30-05-04
The US oil industry is absolutely certain that the high price of gasoline is
the fault of OPEC and its production quotas. OPEC suggests that the industry
look at the refineries in its own back yard. But Lawrence Goldstein, president of the Petroleum Industry Research
Foundation, thinks OPEC may have a point. Goldstein said the US oil industry
needs new refineries. The real issue, he says, is not oil production quotas, but
lack of refining capacity.
Refineriesnow operate at 96 % of capacity, whereas the average US
manufacturing plant operates at 76.7 % of capacity. Since 1981, when refineries
operated at 69 % of their capacity, the number of refineries in the US has
dropped from 324 to 153.
At least three refineries proposed on the East Coast in recent years couldn't
get off the ground, creating a chilling effect for such projects, Goldstein
said. As a result, the US has become increasingly dependent on imports of
finished petroleum products, especially gasoline and jet fuel. The reliance on
imports comes even as American refiners have added 1.5 mm bpd of capacity since
1994 by expanding and improving existing refineries in a strategy known as
"capacity creep."
The American Petroleum Institute says a new refinery has a $ 1 bn price tag
and a 10-year timeline for completion.
Between 1992 and 2002, the rate of return for US refiners was about 5.5 %,
compared with a 12.7 % rate of return for the industrial sector of the S&P
500 companies, according to the Petroleum Institute's Dougher.
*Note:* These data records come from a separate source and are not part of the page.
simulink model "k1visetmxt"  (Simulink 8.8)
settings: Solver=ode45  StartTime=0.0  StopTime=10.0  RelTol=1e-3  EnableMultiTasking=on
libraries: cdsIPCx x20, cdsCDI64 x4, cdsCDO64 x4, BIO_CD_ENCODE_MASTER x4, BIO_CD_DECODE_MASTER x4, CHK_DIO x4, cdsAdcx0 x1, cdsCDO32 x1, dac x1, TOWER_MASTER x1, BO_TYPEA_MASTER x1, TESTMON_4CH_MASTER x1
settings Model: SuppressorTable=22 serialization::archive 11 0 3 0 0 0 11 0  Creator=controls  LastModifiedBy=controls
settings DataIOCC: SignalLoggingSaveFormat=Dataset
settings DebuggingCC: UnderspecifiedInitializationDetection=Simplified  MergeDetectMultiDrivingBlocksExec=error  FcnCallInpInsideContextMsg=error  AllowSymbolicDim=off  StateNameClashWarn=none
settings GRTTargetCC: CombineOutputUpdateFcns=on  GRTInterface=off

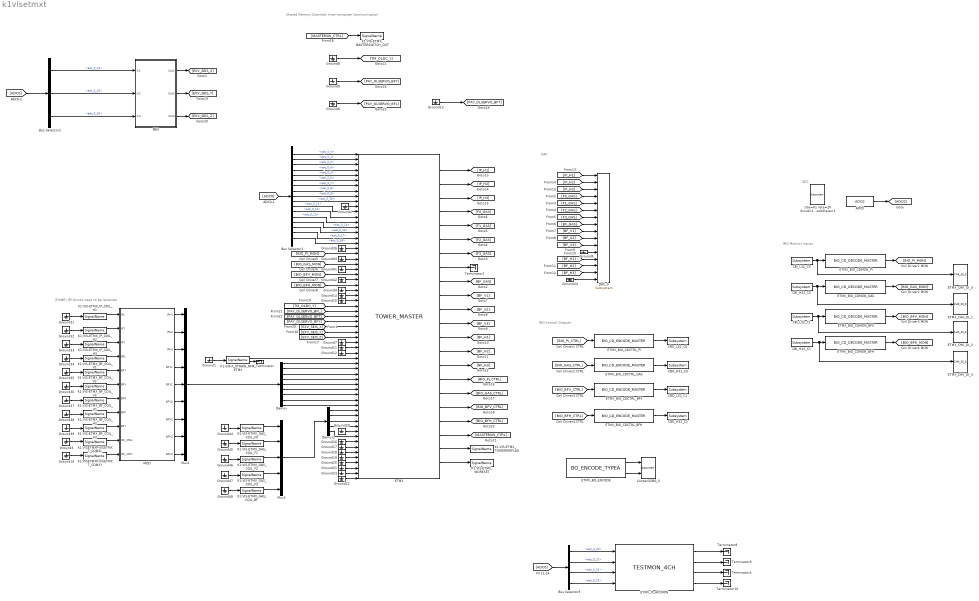
== system k1visetmxt ==
  note: BIO Monitor Inputs
  note: BIO Control Outputs
  note: DAC
  note: ADC
  note: Shared Memory Channels
      | Inner-computer Communication
  note: [FIXME] IPC blocks need to be renamed
  ADC0 : cdsAdcx0/ADC0  Tag=cdsAdc  Description=|
      | type-GSC_16AI64SSA
      | card_num=0
      settings: AttributesFormatString=%<Description>\n%<Tag>
  Bus Selector1 : BusSelector  OutputSignals=adc_0_0,adc_0_1,adc_0_2,adc_0_4,adc_0_5,adc_0_6,adc_0_7,adc_0_8,adc_0_9,adc_0_10,adc_0_11,adc_0_12,adc_0_13,adc_0_14,adc_0_16,adc_0_17,adc_0_18
  Bus Selector2 : BusSelector  OutputSignals=adc_0_24,adc_0_25,adc_0_26
  Bus Selector3 : BusSelector  OutputSignals=adc_0_20,adc_0_21,adc_0_22,adc_0_23
  CBI_H32_C0 : cdsCDI64/Subsystem  Tag=cdsCDI64  Description=card_num=1
      settings: AttributesFormatString=%<Tag>\n%<Description>
  CBI_H32_C1 : cdsCDI64/Subsystem  Tag=cdsCDI64  Description=card_num=3
      settings: AttributesFormatString=%<Tag>\n%<Description>
  CBI_L32_C0 : cdsCDI64/Subsystem  Tag=cdsCDI64  Description=card_num=0
      settings: AttributesFormatString=%<Tag>\n%<Description>
  CBI_L32_C1 : cdsCDI64/Subsystem  Tag=cdsCDI64  Description=card_num=2
      settings: AttributesFormatString=%<Tag>\n%<Description>
  CBO_H32_C0 : cdsCDO64/Subsystem  Tag=cdsCDO64  Description=card_num=1
      settings: AttributesFormatString=%<Tag>\n%<Description>
  CBO_H32_C1 : cdsCDO64/Subsystem  Tag=cdsCDO64  Description=card_num=3
      settings: AttributesFormatString=%<Tag>\n%<Description>
  CBO_L32_C0 : cdsCDO64/Subsystem  Tag=cdsCDO64  Description=card_num=0
      settings: AttributesFormatString=%<Tag>\n%<Description>
  CBO_L32_C1 : cdsCDO64/Subsystem  Tag=cdsCDO64  Description=card_num=2
      settings: AttributesFormatString=%<Tag>\n%<Description>
  Contec32BO_0 : cdsCDO32/Subsystem  Tag=cdsCDO32  Description=Contec32 bit binary output module driver
      settings: AttributesFormatString=%<Tag>
  DAC_0 : dac/Subsystem  Description=|
      | type=GSC_16AO16,
      | card_num=0
      settings: AttributesFormatString=%<Description>
  Demux : Demux  Outputs=9
  Demux1 : Demux  Outputs=5
  ETMX : TOWER_MASTER/TOWER_MASTER
  ETMX_BIO_CDCTRL_BFH : BIO_CD_ENCODE_MASTER/BIO_CD_ENCODE_MASTER
  ETMX_BIO_CDCTRL_BFV : BIO_CD_ENCODE_MASTER/BIO_CD_ENCODE_MASTER
  ETMX_BIO_CDCTRL_GAS : BIO_CD_ENCODE_MASTER/BIO_CD_ENCODE_MASTER
  ETMX_BIO_CDCTRL_PI : BIO_CD_ENCODE_MASTER/BIO_CD_ENCODE_MASTER
  ETMX_BIO_CDMON_BFH : BIO_CD_DECODE_MASTER/BIO_CD_DECODE_MASTER
  ETMX_BIO_CDMON_BFV : BIO_CD_DECODE_MASTER/BIO_CD_DECODE_MASTER
  ETMX_BIO_CDMON_GAS : BIO_CD_DECODE_MASTER/BIO_CD_DECODE_MASTER
  ETMX_BIO_CDMON_PI : BIO_CD_DECODE_MASTER/BIO_CD_DECODE_MASTER
  ETMX_BO_ENCODE : BO_TYPEA_MASTER/BO_ENCODE_TYPEA
  ETMX_CHK_DI_{0..3} (4 alike) : CHK_DIO/CHK_DI_0
  ETMX_IP_ACCMON : TESTMON_4CH_MASTER/TESTMON_4CH
  Ground{1..26,31..39,41..48} (43 alike) : Ground
  K1:GIF-X_STRAIN_RFM_ETMX : cdsIPCx/SignalName  Tag=cdsIPCx_RFM  Description=card=0
      settings: AttributesFormatString=%<Description>\n%<Tag>
  K1:VIS-ETMX_BF_COIL_H1 : cdsIPCx/SignalName  Tag=cdsIPCx_SHMEM  Description=Inter-Process Communication via Shared memory.
      settings: AttributesFormatString=%<Tag>
  K1:VIS-ETMX_BF_COIL_H2 : cdsIPCx/SignalName  Tag=cdsIPCx_SHMEM  Description=Inter-Process Communication via Shared memory.
      settings: AttributesFormatString=%<Tag>
  K1:VIS-ETMX_BF_COIL_H3 : cdsIPCx/SignalName  Tag=cdsIPCx_SHMEM  Description=Inter-Process Communication via Shared memory.
      settings: AttributesFormatString=%<Tag>
  K1:VIS-ETMX_BF_COIL_V1 : cdsIPCx/SignalName  Tag=cdsIPCx_SHMEM  Description=Inter-Process Communication via Shared memory.
      settings: AttributesFormatString=%<Tag>
  K1:VIS-ETMX_BF_COIL_V2 : cdsIPCx/SignalName  Tag=cdsIPCx_SHMEM  Description=Inter-Process Communication via Shared memory.
      settings: AttributesFormatString=%<Tag>
  K1:VIS-ETMX_BF_COIL_V3 : cdsIPCx/SignalName  Tag=cdsIPCx_SHMEM  Description=Inter-Process Communication via Shared memory.
      settings: AttributesFormatString=%<Tag>
  K1:VIS-ETMX_GAS_COIL_BF : cdsIPCx/SignalName  Tag=cdsIPCx_SHMEM  Description=Inter-Process Communication via Shared memory.
      settings: AttributesFormatString=%<Tag>
  K1:VIS-ETMX_GAS_COIL_F{0..3} (4 alike) : cdsIPCx/SignalName  Tag=cdsIPCx_SHMEM  Description=Inter-Process Communication via Shared memory.
      settings: AttributesFormatString=%<Tag>
  K1:VIS-ETMX_IP_COIL_H1 : cdsIPCx/SignalName  Tag=cdsIPCx_SHMEM  Description=Inter-Process Communication via Shared memory.
      settings: AttributesFormatString=%<Tag>
  K1:VIS-ETMX_IP_COIL_H2 : cdsIPCx/SignalName  Tag=cdsIPCx_SHMEM  Description=Inter-Process Communication via Shared memory.
      settings: AttributesFormatString=%<Tag>
  K1:VIS-ETMX_IP_COIL_H3 : cdsIPCx/SignalName  Tag=cdsIPCx_SHMEM  Description=Inter-Process Communication via Shared memory.
      settings: AttributesFormatString=%<Tag>
  K1:VIS-ETMX_MASTERSWITCH_OUT : cdsIPCx/SignalName  Tag=cdsIPCx_SHMEM  Description=Inter-Process Communication via Shared memory.
      settings: AttributesFormatString=%<Tag>
  K1:VIS-ETMX_TOWERWDFLAG : cdsIPCx/SignalName  Tag=cdsIPCx_SHMEM  Description=Inter-Process Communication via Shared memory.
      settings: AttributesFormatString=%<Tag>
  K1:VIS-ETMX_WDRESET : cdsIPCx/SignalName  Tag=cdsIPCx_SHMEM  Description=Inter-Process Communication via Shared memory.
      settings: AttributesFormatString=%<Tag>
  K1:VISETMXP-VISETMXT_COM2L : cdsIPCx/SignalName  Tag=cdsIPCx_SHMEM  Description=Inter-Process Communication via Shared memory.
      settings: AttributesFormatString=%<Tag>
  K1:VISETMXP-VISETMXT_COM2Y : cdsIPCx/SignalName  Tag=cdsIPCx_SHMEM  Description=Inter-Process Communication via Shared memory.
      settings: AttributesFormatString=%<Tag>
  MOD : Subsystem  Tag=top_names
  Mux1 : Mux  Inputs=9
  Mux2 : Mux  Inputs=5
  PEM : Subsystem  Tag=top_names
      settings: AttributesFormatString=%<Tag>
  Terminator{,1,4,8..10} (6 alike) : Terminator
  site=K1 rate=2K dcuid=102 host=k1ex1 specific_cpu=2 adcSlave=1 : cdsParameters/Subsystem  Tag=cdsParameters  Description=|
      | Purpose:                                                                                                                                                                                                                                
      | Provide system parameters to the FE code generator to properly configure the generated EPICS names, rep rate of the FE controller, and the Data Acquisition node ID for proper storage of data from this FE controller.                 
      |                                                                                                                                                                                                                                         
      | Useage:                                                                                                                                                                                                                                 
      | The part NAME field is used to identify the FE parameters. It must be of the form:                                                                                                                                                      
      | site=                                                                                                                                                                                                                                   
      | rate=                                                                                                                                                                                                                                   
      | dcuid=                                                                                                                                                                                                                                  
      |                                                                                                                                                                                                                                         
      | Where:                                                                                                                                                                                                                                  
      | site= argument may be H1, H2, L1, M1, G1, either as a single argument or multiple, for example site=H1,H2. These are the only names allowed. These will become the first two characters of all EPICS and signal names (for example G1:).
      |                                                                                                                                                                                                                                         
      | rate= may be 2K, 16K, 32K, or 64K                                                                                                                                                                                                       
      |                                                                                                                                                                                                                                         
      | dcuid= is site specific ie it must be unique at each site.
      settings: AttributesFormatString=%<Tag>
  wires:
  ADC0/1 -> [ADC0]
  ETMX/4 -> [F0_GAS]
  ETMX/5 -> [F1_GAS]
  ETMX/7 -> [F3_GAS]
  ETMX/6 -> [F2_GAS]
  [BF_H2] -> DAC_0/14
  [BF_V3] -> DAC_0/11
  [BF_H3] -> DAC_0/15
  [BF_V1] -> DAC_0/9
  [BF_H1] -> DAC_0/13
  [BF_V2] -> DAC_0/10
  ETMX/1 -> [IP_H1]
  ETMX/2 -> [IP_H2]
  ETMX/3 -> [IP_H3]
  CBI_H32_C0/1 -> ETMX_CHK_DI_1/1, ETMX_BIO_CDMON_GAS/1
  CBI_L32_C1/1 -> ETMX_CHK_DI_2/1, ETMX_BIO_CDMON_BFV/1
  CBI_L32_C0/1 -> ETMX_CHK_DI_0/1, ETMX_BIO_CDMON_PI/1
  CBI_H32_C1/1 -> ETMX_CHK_DI_3/1, ETMX_BIO_CDMON_BFH/1
  ETMX_BIO_CDCTRL_BFH/1 -> CBO_H32_C1/1
  ETMX_BIO_CDCTRL_PI/1 -> CBO_L32_C0/1
  ETMX_BIO_CDCTRL_GAS/1 -> CBO_H32_C0/1
  ETMX_BIO_CDCTRL_BFV/1 -> CBO_L32_C1/1
  [BIO_PI_CTRL] -> ETMX_BIO_CDCTRL_PI/1
  [BIO_GAS_CTRL] -> ETMX_BIO_CDCTRL_GAS/1
  [BIO_BFV_CTRL] -> ETMX_BIO_CDCTRL_BFV/1
  ETMX_BIO_CDMON_PI/1 -> [BIO_PI_MON]
  ETMX_BIO_CDMON_GAS/1 -> [BIO_GAS_MON]
  ETMX_BIO_CDMON_BFH/1 -> [BIO_BFH_MON]
  ETMX_BIO_CDMON_BFV/1 -> [BIO_BFV_MON]
  [BIO_BFH_CTRL] -> ETMX_BIO_CDCTRL_BFH/1
  [IP_H1] -> DAC_0/1
  [IP_H2] -> DAC_0/2
  [IP_H3] -> DAC_0/3
  [F0_GAS] -> DAC_0/4
  [F1_GAS] -> DAC_0/5
  [F2_GAS] -> DAC_0/6
  [F3_GAS] -> DAC_0/7
  [BF_GAS] -> DAC_0/8
  [ADC0] -> Bus Selector3/1
  Bus Selector3/2 -> ETMX_IP_ACCMON/2  "<adc_0_21>"
  Bus Selector3/1 -> ETMX_IP_ACCMON/1  "<adc_0_20>"
  Bus Selector3/3 -> ETMX_IP_ACCMON/3  "<adc_0_22>"
  Bus Selector3/4 -> ETMX_IP_ACCMON/4  "<adc_0_23>"
  ETMX_IP_ACCMON/3 -> Terminator4/1
  ETMX_IP_ACCMON/4 -> Terminator10/1
  ETMX_IP_ACCMON/1 -> Terminator8/1
  ETMX_IP_ACCMON/2 -> Terminator9/1
  Ground5/1 -> DAC_0/12
  Ground24/1 -> DAC_0/16
  ETMX_BO_ENCODE/1 -> Contec32BO_0/1
  ETMX_BO_ENCODE/2 -> Contec32BO_0/2
  [ADC0] -> Bus Selector1/1
  Ground8/1 -> [TM_OLDC_Y]
  Ground9/1 -> [PAY_OLSERVO_BFY]
  Ground6/1 -> [PAY_OLSERVO_BFL]
  Ground13/1 -> [PAY_OLSERVO_BFT]
  Ground1/1 -> K1:GIF-X_STRAIN_RFM_ETMX/1
  K1:GIF-X_STRAIN_RFM_ETMX/2 -> Terminator/1
  [MASTERSW_CTRL] -> K1:VIS-ETMX_MASTERSWITCH_OUT/1
  [ADC0] -> Bus Selector2/1
  Bus Selector2/1 -> PEM/1(In1)  "<adc_0_24>"
  Bus Selector2/2 -> PEM/2(In2)  "<adc_0_25>"
  Bus Selector2/3 -> PEM/3(In3)  "<adc_0_26>"
  PEM/1(Out1) -> [EXV_SEIS_X]
  PEM/2(Out2) -> [EXV_SEIS_Y]
  PEM/3(Out3) -> [EXV_SEIS_Z]
  Ground31/1 -> K1:VIS-ETMX_IP_COIL_H1/1
  Ground32/1 -> K1:VIS-ETMX_IP_COIL_H2/1
  Ground33/1 -> K1:VIS-ETMX_IP_COIL_H3/1
  Ground34/1 -> K1:VIS-ETMX_BF_COIL_V1/1
  Ground35/1 -> K1:VIS-ETMX_BF_COIL_V2/1
  Ground36/1 -> K1:VIS-ETMX_BF_COIL_V3/1
  Ground37/1 -> K1:VIS-ETMX_BF_COIL_H1/1
  Ground38/1 -> K1:VIS-ETMX_BF_COIL_H2/1
  Ground39/1 -> K1:VIS-ETMX_BF_COIL_H3/1
  Mux1/1 -> Demux/1
  K1:VIS-ETMX_IP_COIL_H1/1 -> MOD/1(IPL)
  K1:VIS-ETMX_IP_COIL_H2/1 -> MOD/2(IPT)
  K1:VIS-ETMX_IP_COIL_H3/1 -> MOD/3(IPY)
  K1:VIS-ETMX_BF_COIL_V1/1 -> MOD/4(BFL)
  K1:VIS-ETMX_BF_COIL_V2/1 -> MOD/5(BFT)
  K1:VIS-ETMX_BF_COIL_V3/1 -> MOD/6(BFV)
  K1:VIS-ETMX_BF_COIL_H1/1 -> MOD/7(BFR)
  K1:VIS-ETMX_BF_COIL_H2/1 -> MOD/8(BFP)
  K1:VIS-ETMX_BF_COIL_H3/1 -> MOD/9(BFY)
  MOD/1(IPH1) -> Mux1/1
  MOD/2(IPH2) -> Mux1/2
  MOD/3(IPH3) -> Mux1/3
  MOD/4(BFV1) -> Mux1/4
  MOD/5(BFV2) -> Mux1/5
  MOD/6(BFV3) -> Mux1/6
  MOD/7(BFH1) -> Mux1/7
  MOD/8(BFH2) -> Mux1/8
  MOD/9(BFH3) -> Mux1/9
  K1:VISETMXP-VISETMXT_COM2L/1 -> MOD/10(ISC_MNL)
  K1:VIS-ETMX_GAS_COIL_F0/1 -> Mux2/1
  K1:VIS-ETMX_GAS_COIL_F1/1 -> Mux2/2
  K1:VIS-ETMX_GAS_COIL_F2/1 -> Mux2/3
  K1:VIS-ETMX_GAS_COIL_F3/1 -> Mux2/4
  K1:VIS-ETMX_GAS_COIL_BF/1 -> Mux2/5
  Ground44/1 -> K1:VIS-ETMX_GAS_COIL_F0/1
  Ground45/1 -> K1:VIS-ETMX_GAS_COIL_F1/1
  Ground46/1 -> K1:VIS-ETMX_GAS_COIL_F2/1
  Ground47/1 -> K1:VIS-ETMX_GAS_COIL_F3/1
  Ground48/1 -> K1:VIS-ETMX_GAS_COIL_BF/1
  Mux2/1 -> Demux1/1
  K1:VISETMXP-VISETMXT_COM2Y/1 -> MOD/11(ISC_MNY)
  Ground3/1 -> K1:VISETMXP-VISETMXT_COM2L/1
  Ground10/1 -> K1:VISETMXP-VISETMXT_COM2Y/1
  Bus Selector1/1 -> ETMX/1  "<adc_0_0>"
  Bus Selector1/2 -> ETMX/2  "<adc_0_1>"
  Bus Selector1/3 -> ETMX/3  "<adc_0_2>"
  Bus Selector1/4 -> ETMX/4  "<adc_0_4>"
  Bus Selector1/5 -> ETMX/5  "<adc_0_5>"
  Bus Selector1/6 -> ETMX/6  "<adc_0_6>"
  Bus Selector1/7 -> ETMX/7  "<adc_0_7>"
  Bus Selector1/8 -> ETMX/8  "<adc_0_8>"
  Bus Selector1/9 -> ETMX/9  "<adc_0_9>"
  Bus Selector1/10 -> ETMX/10  "<adc_0_10>"
  Bus Selector1/11 -> ETMX/12  "<adc_0_11>"
  Ground2/1 -> ETMX/11
  [BIO_PI_MON] -> ETMX/20
  [BIO_GAS_MON] -> ETMX/22
  Ground43/1 -> ETMX/21
  Ground41/1 -> ETMX/23
  [BIO_BFV_MON] -> ETMX/24
  Ground42/1 -> ETMX/25
  Bus Selector1/17 -> ETMX/18  "<adc_0_18>"
  Bus Selector1/16 -> ETMX/17  "<adc_0_17>"
  Bus Selector1/15 -> ETMX/16  "<adc_0_16>"
  Bus Selector1/14 -> ETMX/15  "<adc_0_14>"
  Bus Selector1/13 -> ETMX/14  "<adc_0_13>"
  Bus Selector1/12 -> ETMX/13  "<adc_0_12>"
  Ground22/1 -> ETMX/63
  Ground23/1 -> ETMX/62
  Ground21/1 -> ETMX/61
  Ground25/1 -> ETMX/60
  Ground19/1 -> ETMX/59
  Ground18/1 -> ETMX/58
  Ground17/1 -> ETMX/57
  Ground16/1 -> ETMX/56
  Demux1/5 -> ETMX/55
  Demux1/4 -> ETMX/53
  Demux1/3 -> ETMX/52
  Demux1/2 -> ETMX/51
  Demux1/1 -> ETMX/50
  Ground20/1 -> ETMX/54
  Demux/9 -> ETMX/49
  Demux/8 -> ETMX/48
  Demux/7 -> ETMX/47
  Demux/6 -> ETMX/46
  Demux/5 -> ETMX/45
  Demux/4 -> ETMX/44
  Demux/3 -> ETMX/43
  Demux/2 -> ETMX/42
  Demux/1 -> ETMX/41
  K1:GIF-X_STRAIN_RFM_ETMX/1 -> ETMX/40
  Ground7/1 -> ETMX/37
  Ground11/1 -> ETMX/38
  Ground12/1 -> ETMX/39
  [EXV_SEIS_Z] -> ETMX/36
  [EXV_SEIS_Y] -> ETMX/35
  [EXV_SEIS_X] -> ETMX/34
  [PAY_OLSERVO_BFY] -> ETMX/33
  [PAY_OLSERVO_BFT] -> ETMX/32
  [PAY_OLSERVO_BFL] -> ETMX/31
  [TM_OLDC_Y] -> ETMX/30
  Ground15/1 -> ETMX/29
  Ground14/1 -> ETMX/28
  Ground4/1 -> ETMX/27
  [BIO_BFH_MON] -> ETMX/26
  Ground26/1 -> ETMX/19
  ETMX/22 -> K1:VIS-ETMX_WDRESET/1
  ETMX/21 -> K1:VIS-ETMX_TOWERWDFLAG/1
  ETMX/20 -> [MASTERSW_CTRL]
  ETMX/19 -> [BIO_BFH_CTRL]
  ETMX/18 -> [BIO_BFV_CTRL]
  ETMX/17 -> [BIO_GAS_CTRL]
  ETMX/16 -> [BIO_PI_CTRL]
  ETMX/13 -> [BF_H1]
  ETMX/14 -> [BF_H2]
  ETMX/15 -> [BF_H3]
  ETMX/10 -> [BF_V1]
  ETMX/11 -> [BF_V2]
  ETMX/12 -> [BF_V3]
  ETMX/9 -> [BF_GAS]
  ETMX/8 -> Terminator1/1

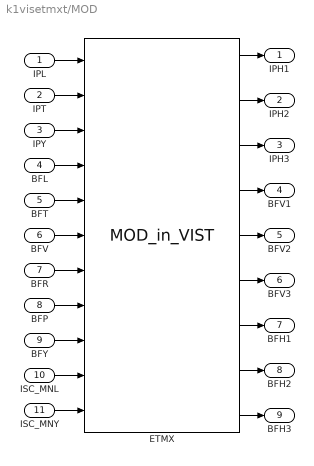
== system k1visetmxt/MOD ==
  IPL : Inport
  IPT : Inport  Port=2
  IPY : Inport  Port=3
  BFL : Inport  Port=4
  BFT : Inport  Port=5
  BFV : Inport  Port=6
  BFR : Inport  Port=7
  BFP : Inport  Port=8
  BFY : Inport  Port=9
  ISC_MNL : Inport  Port=10
  ISC_MNY : Inport  Port=11
  ETMX : VIS_LIB/MODAL/MOD_in_VIST  Tag=top_names
  IPH1 : Outport
  IPH2 : Outport  Port=2
  IPH3 : Outport  Port=3
  BFV1 : Outport  Port=4
  BFV2 : Outport  Port=5
  BFV3 : Outport  Port=6
  BFH1 : Outport  Port=7
  BFH2 : Outport  Port=8
  BFH3 : Outport  Port=9
  wires:
  IPL/1 -> ETMX/1
  IPT/1 -> ETMX/2
  IPY/1 -> ETMX/3
  BFL/1 -> ETMX/4
  BFT/1 -> ETMX/5
  BFV/1 -> ETMX/6
  BFR/1 -> ETMX/7
  BFP/1 -> ETMX/8
  BFY/1 -> ETMX/9
  ETMX/1 -> IPH1/1
  ETMX/2 -> IPH2/1
  ETMX/3 -> IPH3/1
  ETMX/4 -> BFV1/1
  ETMX/5 -> BFV2/1
  ETMX/6 -> BFV3/1
  ETMX/7 -> BFH1/1
  ETMX/8 -> BFH2/1
  ETMX/9 -> BFH3/1
  ISC_MNL/1 -> ETMX/10
  ISC_MNY/1 -> ETMX/11

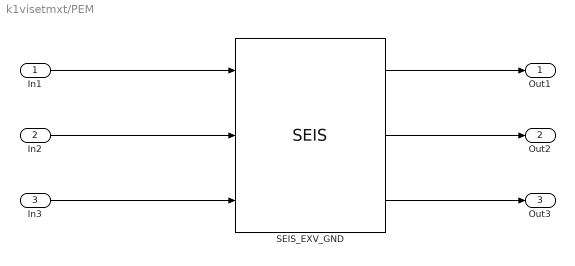
== system k1visetmxt/PEM ==
  In1 : Inport
  In2 : Inport  Port=2
  In3 : Inport  Port=3
  SEIS_EXV_GND : seis/SEIS
  Out1 : Outport
  Out2 : Outport  Port=2
  Out3 : Outport  Port=3
  wires:
  SEIS_EXV_GND/1 -> Out1/1
  SEIS_EXV_GND/2 -> Out2/1
  SEIS_EXV_GND/3 -> Out3/1
  In1/1 -> SEIS_EXV_GND/1
  In2/1 -> SEIS_EXV_GND/2
  In3/1 -> SEIS_EXV_GND/3

The Marathon Ashland Petroleum refinery in Garyville, Louisiana, on the banks
of the Mississippi River, is the newest US refinery to be built from the ground
up. It was built 28 years ago. In Illinois, where two refineries, in Blue Island
and Downstate Hartford, have closed in the last three years, tight capacity has
caused Gov. Rod Blagojevich to take dramatic action in the face of glitches to
ensure that supply keeps flowing.
A week after Blagojevich's action, ConocoPhillips received a permanent permit
from the Illinois Environmental Protection Agency to operate the Hartford unit.
The Hartford and Blue Island refineries had been owned by Premcor, and their
closure took 145,000 bpd of capacity out of the region.
Similarly, earlier, in a last-ditch effort to keep open a Shell Oil refinery,
California Attorney Gen Bill Lockyer hired a consulting firm to help find a
buyer for it. The plant makes 2 % of California's gasoline and 6 % of its diesel
fuel, a significant amount in that state's tight market. But Shell said it was
inefficient and plans to close it in the fall.
Over the last decade, more stringent environmental regulations have caused
the refining industry to invest $ 49 bn to meet new fuel specifications,
according to the Petroleum Institute.
Source: Chicago TribuneLack of new refineries also factor in high gas prices
"The fact is that the cost of a barrel of crude oil has increased from $ 25
a year ago to $ 41 today -- that's [nearly] a 40 cent-per-gallon increase,"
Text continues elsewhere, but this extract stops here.